Data for analysis: Begin
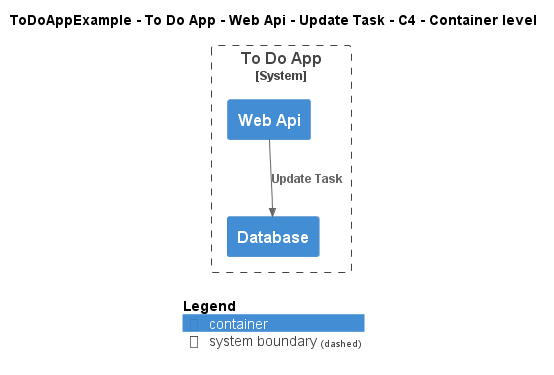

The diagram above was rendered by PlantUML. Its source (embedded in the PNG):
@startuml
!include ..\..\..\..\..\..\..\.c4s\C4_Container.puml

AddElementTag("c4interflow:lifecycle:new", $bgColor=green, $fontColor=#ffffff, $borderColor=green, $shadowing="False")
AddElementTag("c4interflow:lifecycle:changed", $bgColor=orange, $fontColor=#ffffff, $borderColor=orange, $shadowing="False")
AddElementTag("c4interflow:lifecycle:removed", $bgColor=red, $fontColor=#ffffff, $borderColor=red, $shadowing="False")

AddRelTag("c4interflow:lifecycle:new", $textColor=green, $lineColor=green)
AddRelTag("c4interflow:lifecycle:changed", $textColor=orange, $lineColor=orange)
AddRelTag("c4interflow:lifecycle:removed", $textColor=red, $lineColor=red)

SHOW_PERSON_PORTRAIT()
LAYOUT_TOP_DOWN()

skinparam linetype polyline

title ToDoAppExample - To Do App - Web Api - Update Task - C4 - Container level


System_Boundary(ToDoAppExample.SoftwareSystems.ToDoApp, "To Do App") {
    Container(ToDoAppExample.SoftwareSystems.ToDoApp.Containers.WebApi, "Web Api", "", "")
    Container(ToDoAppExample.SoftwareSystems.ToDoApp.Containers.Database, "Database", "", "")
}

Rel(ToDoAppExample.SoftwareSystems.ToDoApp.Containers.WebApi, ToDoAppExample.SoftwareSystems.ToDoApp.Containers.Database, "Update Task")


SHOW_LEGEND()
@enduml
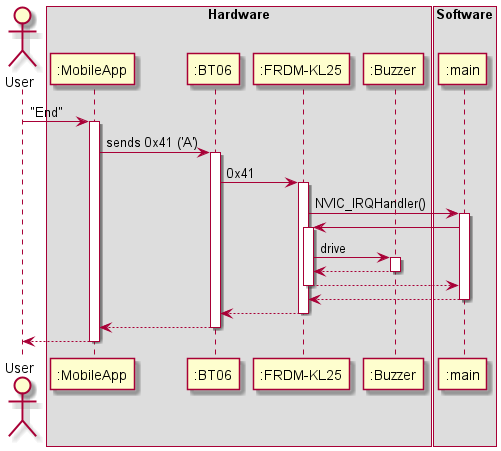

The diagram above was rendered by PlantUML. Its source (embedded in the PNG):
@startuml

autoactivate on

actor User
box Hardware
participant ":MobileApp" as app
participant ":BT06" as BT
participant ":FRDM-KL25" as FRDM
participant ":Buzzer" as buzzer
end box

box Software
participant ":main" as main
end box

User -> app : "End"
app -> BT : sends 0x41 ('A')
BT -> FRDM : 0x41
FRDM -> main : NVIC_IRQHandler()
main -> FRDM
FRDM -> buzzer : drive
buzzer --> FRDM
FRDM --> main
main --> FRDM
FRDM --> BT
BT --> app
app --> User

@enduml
Data for analysis: End
An exact copy of every line above, minus the pictures, is the required output.

Task response:
The diagram above was rendered by PlantUML. Its source (embedded in the PNG):
@startuml
!include ..\..\..\..\..\..\..\.c4s\C4_Container.puml

AddElementTag("c4interflow:lifecycle:new", $bgColor=green, $fontColor=#ffffff, $borderColor=green, $shadowing="False")
AddElementTag("c4interflow:lifecycle:changed", $bgColor=orange, $fontColor=#ffffff, $borderColor=orange, $shadowing="False")
AddElementTag("c4interflow:lifecycle:removed", $bgColor=red, $fontColor=#ffffff, $borderColor=red, $shadowing="False")

AddRelTag("c4interflow:lifecycle:new", $textColor=green, $lineColor=green)
AddRelTag("c4interflow:lifecycle:changed", $textColor=orange, $lineColor=orange)
AddRelTag("c4interflow:lifecycle:removed", $textColor=red, $lineColor=red)

SHOW_PERSON_PORTRAIT()
LAYOUT_TOP_DOWN()

skinparam linetype polyline

title ToDoAppExample - To Do App - Web Api - Update Task - C4 - Container level


System_Boundary(ToDoAppExample.SoftwareSystems.ToDoApp, "To Do App") {
    Container(ToDoAppExample.SoftwareSystems.ToDoApp.Containers.WebApi, "Web Api", "", "")
    Container(ToDoAppExample.SoftwareSystems.ToDoApp.Containers.Database, "Database", "", "")
}

Rel(ToDoAppExample.SoftwareSystems.ToDoApp.Containers.WebApi, ToDoAppExample.SoftwareSystems.ToDoApp.Containers.Database, "Update Task")


SHOW_LEGEND()
@enduml

The diagram above was rendered by PlantUML. Its source (embedded in the PNG):
@startuml

autoactivate on

actor User
box Hardware
participant ":MobileApp" as app
participant ":BT06" as BT
participant ":FRDM-KL25" as FRDM
participant ":Buzzer" as buzzer
end box

box Software
participant ":main" as main
end box

User -> app : "End"
app -> BT : sends 0x41 ('A')
BT -> FRDM : 0x41
FRDM -> main : NVIC_IRQHandler()
main -> FRDM
FRDM -> buzzer : drive
buzzer --> FRDM
FRDM --> main
main --> FRDM
FRDM --> BT
BT --> app
app --> User

@enduml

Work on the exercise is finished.